Experimental Validation of Nonsteady Rate Measurements using a Tracer Infusion Method and Inulin as Tracer and Tracee

In 1959, Steele (Ann. N.Y. Acad. Sci. 82, 420–430) suggested a method for measuring the rates of appearance (R a ) and of disappearance (R d ) of a metabolite in an intact system under conditions when R a and R d were changing with time. Steele's method involved modelling the system by a one-compartment model whose effective volume was assumed. To overcome the problem of assuming an effective volume, a model consisting of two compartments rather than one has been postulated. While no distribution volume need now be assumed, a preliminary steady state experiment is required for identification of the coefficients governing exchange of material between the two compartments.In five conscious dogs 14 C-hydroxymethyl inulin (tracer) was infused at a constant rate, while unlabelled inulin (tracee) was infused at varying predetermined rates and the plasma concentrations of both were measured.
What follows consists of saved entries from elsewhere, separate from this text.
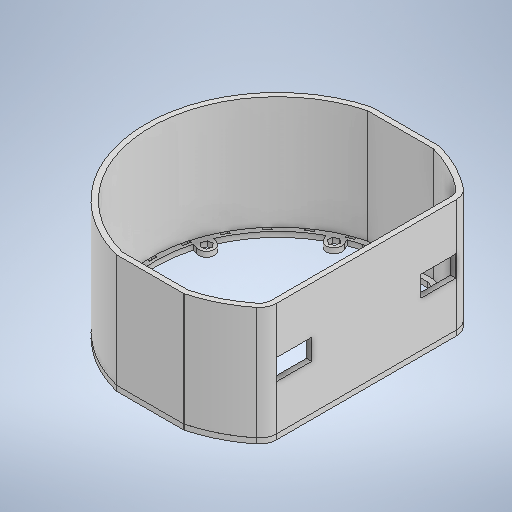
# Autodesk Inventor part: carcasa
Saved by Autodesk Inventor 2025.2 (Build 292293000, 293)
## iProperties
Created: 2025-08-27
Part Number: carcasa
Material: Generic
Document SubType Name: Modeling
Designer: cdavi
Density: 1 g/cm^3
Appearance: Default
Author: cdavi
Autodesk Inventor part; units mm, degrees
ref_plane "YZ Plane" through (0, 0, 0) normal (1, 0, 0) x (0, 1, 0)
ref_plane "XZ Plane" through (0, 0, 0) normal (0, 1, 0) x (-1, 0, 0)
ref_plane "XY Plane" through (0, 0, 0) normal (0, 0, 1) x (1, 0, 0)
sketch "Sketch1" plane through (0, 0, 0) normal (0, 1, 0) x (-1, 0, 0)
  line L0 (18.2688, 67.5) -> (-18.2688, 67.5)
  line L1 (0, 0) -> (-51, 0) construction
  line L2 (19.0722, 73.5) -> (-19.0722, 73.5)
  line L3 (18.2688, -67.5) -> (-18.5405, -67.5)
  line L4 (19.0722, -73.5) -> (-19.0722, -73.5)
  line L5 (0, 0) -> (0, 73.5) construction
  line L6 (-45, 48.734) -> (-45, -48.734)
  line L7 (-51, 51.7204) -> (-51, -51.7204)
  arc A0 (-40.8333, -56.8563) -> (-18.5405, -67.5) centre (0, 0) ccw
  arc A1 (-47.2121, -59.5568) -> (-19.5877, -73.4324) centre (0, 0) ccw
  arc A2 (19.5877, -73.4324) -> (19.5877, 73.4324) centre (0, 0) ccw
  arc A3 (-19.5877, 73.4324) -> (-47.2121, 59.5568) centre (0, 0) ccw
  arc A4 (18.8061, -67.4265) -> (18.8061, 67.4265) centre (0, 0) ccw
  arc A5 (-18.8061, 67.4265) -> (-40.8333, 56.8563) centre (0, 0) ccw
  arc A6 (-19.5877, -73.4324) -> (-19.0722, -73.5) centre (-19.0722, -71.5) ccw
  arc A7 (19.0722, -73.5) -> (19.5877, -73.4324) centre (19.0722, -71.5) ccw
  arc A8 (18.2688, -67.5) -> (18.8061, -67.4265) centre (18.2688, -65.5) ccw
  arc A9 (18.8061, 67.4265) -> (18.2688, 67.5) centre (18.2688, 65.5) ccw
  arc A10 (19.5877, 73.4324) -> (19.0722, 73.5) centre (19.0722, 71.5) ccw
  arc A11 (-18.2688, 67.5) -> (-18.8061, 67.4265) centre (-18.2688, 65.5) ccw
  arc A12 (-19.0722, 73.5) -> (-19.5877, 73.4324) centre (-19.0722, 71.5) ccw
  arc A13 (-40.8333, 56.8563) -> (-45, 48.734) centre (-35, 48.734) ccw
  arc A14 (-47.2121, 59.5568) -> (-51, 51.7204) centre (-41, 51.7204) ccw
  arc A15 (-51, -51.7204) -> (-47.2121, -59.5568) centre (-41, -51.7204) ccw
  arc A16 (-45, -48.734) -> (-40.8333, -56.8563) centre (-35, -48.734) ccw
  line L8 (18.9407, 70.5) -> (-18.9407, 70.5)
  arc A17 (-18.9407, 70.5) -> (-45.3485, 57.2059) centre (0, 0) ccw
  arc A18 (-45.3485, 57.2059) -> (-48, 51.7204) centre (-41, 51.7204) ccw
  line L9 (-48, 51.7204) -> (-48, -51.7204)
  arc A19 (-48, -51.7204) -> (-45.3485, -57.2059) centre (-41, -51.7204) ccw
  arc A20 (-45.3485, -57.2059) -> (-18.9407, -70.5) centre (0, 0) ccw
  line L10 (-18.9407, -70.5) -> (18.9407, -70.5)
  arc A21 (18.9407, -70.5) -> (18.9407, 70.5) centre (0, 0) ccw
  line L11 (18.9407, 70.5) -> (0, 0) construction
  line L12 (0, 0) -> (18.9407, -70.5) construction
  line L13 (0, 0) -> (-18.9407, -70.5) construction
  point P0 (-19.3326, 73.5)
  point P1 (18.5405, -67.5)
  point P2 (19.3326, -73.5)
  point P3 (-19.3326, -73.5)
  point P4 (-51, -56.3471)
  point P5 (-45, 53.619)
  point P6 (-45, -53.619)
  point P7 (-51, 56.3471)
  point P8 (19.3326, 73.5)
  point P9 (18.5405, 67.5)
  point P10 (-18.5405, 67.5)
  dimension "d2" = 67.5
  dimension "d4" = 6
  dimension "d6" = 45
  dimension "d7" = 6
  dimension "d8" = 2
  dimension "d9" = 10
  dimension "d10" = 70
  dimension "d11" = 76
  dimension "d12" = 70
  dimension "d13" = 76
  dimension "d185" = 3
  constraints: 55 point on circle, 28 end point, 22 centre point, 22 tangent, 11 point on line, 9 equal radius, 4 symmetric about line, 3 vertical, 2 coincident, 2 horizontal, 2 midpoint, 1 parallel, 7 other
  measures "d2" distance between parallel lines of L1 L0
  measures "d4" distance between parallel lines of L0 L2
  measures "d6" distance between parallel lines of L6 L5
  measures "d7" distance between parallel lines of L7 L6
  measures "d8" radius of A6
  measures "d9" radius of A13
  measures "d10" radius of A4
  measures "d11" radius of A2
  measures "d12" radius of A0
  measures "d13" radius of A1
  measures "d185" radial gap between concentric circles of A2 A21
extrude "Extrusion1" add sketch "Sketch1" along normal blind 65 contours A10 A2 A7 L4 A6 A1 A15 L7 A14 A3 A12 L2
sketch "Sketch2" plane through (51, 0, 51.7204) normal (1, 0, 0) x (0, 0, -1)
  line L0 (51.7204, 0) -> (51.7204, 67.372) construction
  line L1 (0.288, 38) -> (20.288, 38)
  line L2 (20.288, 38) -> (20.288, 26)
  line L3 (20.288, 26) -> (0.288, 26)
  line L4 (0.288, 26) -> (0.288, 38)
  line L5 (0, 0) -> (103.4408, 0) projected
  line L6 (-21.712, 0) -> (-21.712, 65) projected
  line L7 (103.1528, 38) -> (83.1528, 38)
  line L8 (83.1528, 38) -> (83.1528, 26)
  line L9 (83.1528, 26) -> (103.1528, 26)
  line L10 (103.1528, 26) -> (103.1528, 38)
  dimension "d16" = 26
  dimension "d17" = 22
  dimension "d18" = 12
  dimension "d19" = 20
  constraints: 18 end point, 4 symmetric about line, 2 parallel, 1 horizontal, 1 perpendicular, 1 vertical
  measures "d16" distance between parallel lines of L5 L3
  measures "d17" distance between parallel lines of L4 L6
  measures "d18" distance of L1.end L2.end
  measures "d19" distance of L1.start L1.end
extrude "Extrusion2" cut sketch "Sketch2" against normal blind 7
extrude "Extrusion4" add sketch "Sketch1" along normal blind 3 from surface at 65 separate body contours A9 A4 A8 L3 A0 A16 L6 A13 A5 A11 L0 | A10 A2 A7 L4 A6 A1 A15 L7 A14 A3 A12 L2 | A21 L10 A20 A19 L9 A18 A17 L8
sketch "Sketch5" plane through (-19.0722, 68, 73.5) normal (0, 1, 0) x (1, 0, 0)
  circle A0 centre (19.0722, 73.5) radius 8.5
  circle A1 centre (-10.9278, 73.5) radius 2.5
  line L0 (27.1963, 71) -> (36.0722, 71)
  line L1 (36.0722, 71) -> (36.0722, 76)
  line L2 (36.0722, 76) -> (27.1963, 76)
  point P0 (36.0722, 73.5)
  dimension "d26" = 17
  dimension "d27" = 5
  dimension "d31" = 5
  dimension "d32" = 17
  dimension "d47" = 30
  constraints: 6 end point, 2 centre point, 2 horizontal alignment, 2 perpendicular, 2 point on circle, 1 coincident, 1 horizontal, 1 midpoint
  measures "d26" diameter of A0
  measures "d27" diameter of A1
  measures "d31" distance between parallel lines of L2 L0
  measures "d32" distance from line of A0.centre L1
  measures "d47" distance of A0.centre A1.centre
extrude "Extrusion5" cut sketch "Sketch5" against normal through all bodies 2
sketch "Sketch6" plane through (0, 0, 0) normal (0, 1, 0) x (-1, 0, 0)
  circle A0 centre (0, 0) radius 67 construction
  line L0 (19.0722, 73.5) -> (-19.0722, 73.5) projected
  arc A1 (-19.5877, 73.4324) -> (-47.2121, 59.5568) centre (0, 0) ccw projected
  arc A2 (-47.2121, 59.5568) -> (-51, 51.7204) centre (-41, 51.7204) ccw projected
  line L1 (-51, 51.7204) -> (-51, -51.7204) projected
  arc A3 (-51, -51.7204) -> (-47.2121, -59.5568) centre (-41, -51.7204) ccw projected
  arc A4 (-47.2121, -59.5568) -> (-19.5877, -73.4324) centre (0, 0) ccw projected
  line L2 (-19.0722, -73.5) -> (19.0722, -73.5) projected
  arc A5 (19.5877, -73.4324) -> (19.5877, 73.4324) centre (0, 0) ccw projected
  line L3 (0, 0) -> (63.1919, 22.2662) construction
  line L4 (0, 0) -> (76, 0) construction
  circle A6 centre (63.1919, 22.2662) radius 2.95 construction
  line L5 (0, 0) -> (0, -67) construction
  circle A7 centre (28.3154, 60.7226) radius 2.95 construction
  line L6 (28.3154, 60.7226) -> (0, 0) construction
  circle A8 centre (-41.5, 20) radius 2.95 construction
  circle A9 centre (-28.3154, 60.7226) radius 2.95 construction
  line L7 (-28.3154, 60.7226) -> (0, 0) construction
  arc A10 (-19.5877, -73.4324) -> (-19.0722, -73.5) centre (-19.0722, -71.5) ccw projected
  arc A11 (19.0722, -73.5) -> (19.5877, -73.4324) centre (19.0722, -71.5) ccw projected
  arc A12 (19.5877, 73.4324) -> (19.0722, 73.5) centre (19.0722, 71.5) ccw projected
  arc A13 (-19.0722, 73.5) -> (-19.5877, 73.4324) centre (-19.0722, 71.5) ccw projected
  circle A14 centre (63.1919, -22.2662) radius 2.95 construction
  circle A15 centre (28.3154, -60.7226) radius 2.95 construction
  circle A16 centre (-41.5, -20) radius 2.95 construction
  circle A17 centre (-28.3154, -60.7226) radius 2.95 construction
  arc A18 (61.5547, 26.4578) -> (64.544, 17.9741) centre (63.1919, 22.2662) ccw
  arc A19 (24.1755, 62.4864) -> (32.3276, 58.685) centre (28.3154, 60.7226) ccw
  line L8 (60.2922, 22.8083) -> (62.2115, 25.0485)
  line L9 (62.2115, 25.0485) -> (65.1113, 24.5064)
  line L10 (65.1113, 24.5064) -> (66.0917, 21.724)
  line L11 (66.0917, 21.724) -> (64.1723, 19.4838)
  line L12 (64.1723, 19.4838) -> (61.2725, 20.026)
  line L13 (61.2725, 20.026) -> (60.2922, 22.8083)
  line L14 (25.8989, 59.0306) -> (25.6418, 61.9693)
  line L15 (25.6418, 61.9693) -> (28.0583, 63.6614)
  line L16 (28.0583, 63.6614) -> (30.7319, 62.4147)
  line L17 (30.7319, 62.4147) -> (30.989, 59.4759)
  line L18 (30.989, 59.4759) -> (28.5725, 57.7838)
  line L19 (28.5725, 57.7838) -> (25.8989, 59.0306)
  arc A20 (-41.5, 15.5) -> (-41.5, 24.5) centre (-41.5, 20) ccw
  line L20 (-44.0548, 18.525) -> (-44.0548, 21.475)
  line L21 (-44.0548, 21.475) -> (-41.5, 22.95)
  line L22 (-41.5, 22.95) -> (-38.9452, 21.475)
  line L23 (-38.9452, 21.475) -> (-38.9452, 18.525)
  line L24 (-38.9452, 18.525) -> (-41.5, 17.05)
  line L25 (-41.5, 17.05) -> (-44.0548, 18.525)
  line L26 (-41.5, 24.5) -> (-45, 24.5)
  line L27 (-41.5, 15.5) -> (-45, 15.5)
  arc A21 (-32.3276, 58.685) -> (-24.1755, 62.4864) centre (-28.3154, 60.7226) ccw
  line L28 (-28.5725, 57.7838) -> (-30.989, 59.4759)
  line L29 (-30.989, 59.4759) -> (-30.7319, 62.4147)
  line L30 (-30.7319, 62.4147) -> (-28.0583, 63.6614)
  line L31 (-28.0583, 63.6614) -> (-25.6418, 61.9693)
  line L32 (-25.6418, 61.9693) -> (-25.8989, 59.0306)
  line L33 (-25.8989, 59.0306) -> (-28.5725, 57.7838)
  line L34 (-32.3276, 58.685) -> (-33.6868, 61.3612)
  arc A22 (64.544, -17.9741) -> (61.5547, -26.4578) centre (63.1919, -22.2662) ccw
  arc A23 (32.3276, -58.685) -> (24.1755, -62.4864) centre (28.3154, -60.7226) ccw
  arc A24 (-41.5, -24.5) -> (-41.5, -15.5) centre (-41.5, -20) ccw
  line L35 (-41.5, -24.5) -> (-45, -24.5)
  line L36 (-41.5, -15.5) -> (-45, -15.5)
  arc A25 (-24.1755, -62.4864) -> (-32.3276, -58.685) centre (-28.3154, -60.7226) ccw
  line L37 (-32.3276, -58.685) -> (-33.6868, -61.3612)
  line L38 (60.2922, -22.8083) -> (62.2115, -25.0485)
  line L39 (62.2115, -25.0485) -> (65.1113, -24.5064)
  line L40 (65.1113, -24.5064) -> (66.0917, -21.724)
  line L41 (66.0917, -21.724) -> (64.1723, -19.4838)
  line L42 (64.1723, -19.4838) -> (61.2725, -20.026)
  line L43 (61.2725, -20.026) -> (60.2922, -22.8083)
  line L44 (25.8989, -59.0306) -> (25.6418, -61.9693)
  line L45 (25.6418, -61.9693) -> (28.0583, -63.6614)
  line L46 (28.0583, -63.6614) -> (30.7319, -62.4147)
  line L47 (30.7319, -62.4147) -> (30.989, -59.4759)
  line L48 (30.989, -59.4759) -> (28.5725, -57.7838)
  line L49 (28.5725, -57.7838) -> (25.8989, -59.0306)
  line L50 (-28.5725, -57.7838) -> (-30.989, -59.4759)
  line L51 (-30.989, -59.4759) -> (-30.7319, -62.4147)
  line L52 (-30.7319, -62.4147) -> (-28.0583, -63.6614)
  line L53 (-28.0583, -63.6614) -> (-25.6418, -61.9693)
  line L54 (-25.6418, -61.9693) -> (-25.8989, -59.0306)
  line L55 (-25.8989, -59.0306) -> (-28.5725, -57.7838)
  line L56 (-44.0548, -18.525) -> (-44.0548, -21.475)
  line L57 (-44.0548, -21.475) -> (-41.5, -22.95)
  line L58 (-41.5, -22.95) -> (-38.9452, -21.475)
  line L59 (-38.9452, -21.475) -> (-38.9452, -18.525)
  line L60 (-38.9452, -18.525) -> (-41.5, -17.05)
  line L61 (-41.5, -17.05) -> (-44.0548, -18.525)
  line L62 (61.5547, 26.4578) -> (64.3507, 27.5498)
  line L63 (64.544, 17.9741) -> (67.4069, 18.876)
  line L64 (32.3276, 58.685) -> (33.6868, 61.3612)
  line L65 (61.5547, -26.4578) -> (64.3507, -27.5498)
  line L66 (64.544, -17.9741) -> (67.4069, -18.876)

These were then fitted by a series of smoothly joined polynomials. When the calculated rates of appearance of unlabelled inulin were compared with the actual rates, equally good results were obtained with the one-compartment (using the best effective volume) and the two-compartment models. The calculated values of R d and of the clearance of inulin were not validated experimentally, but their validity is likely since the equations for R d and R a are related, and the R a component has been validated. The identity of unlabelled inulin and the 14 C-hydroxymethyl inulin species was ascertained by gel filtration, and by the identity of their in vivo kinetics.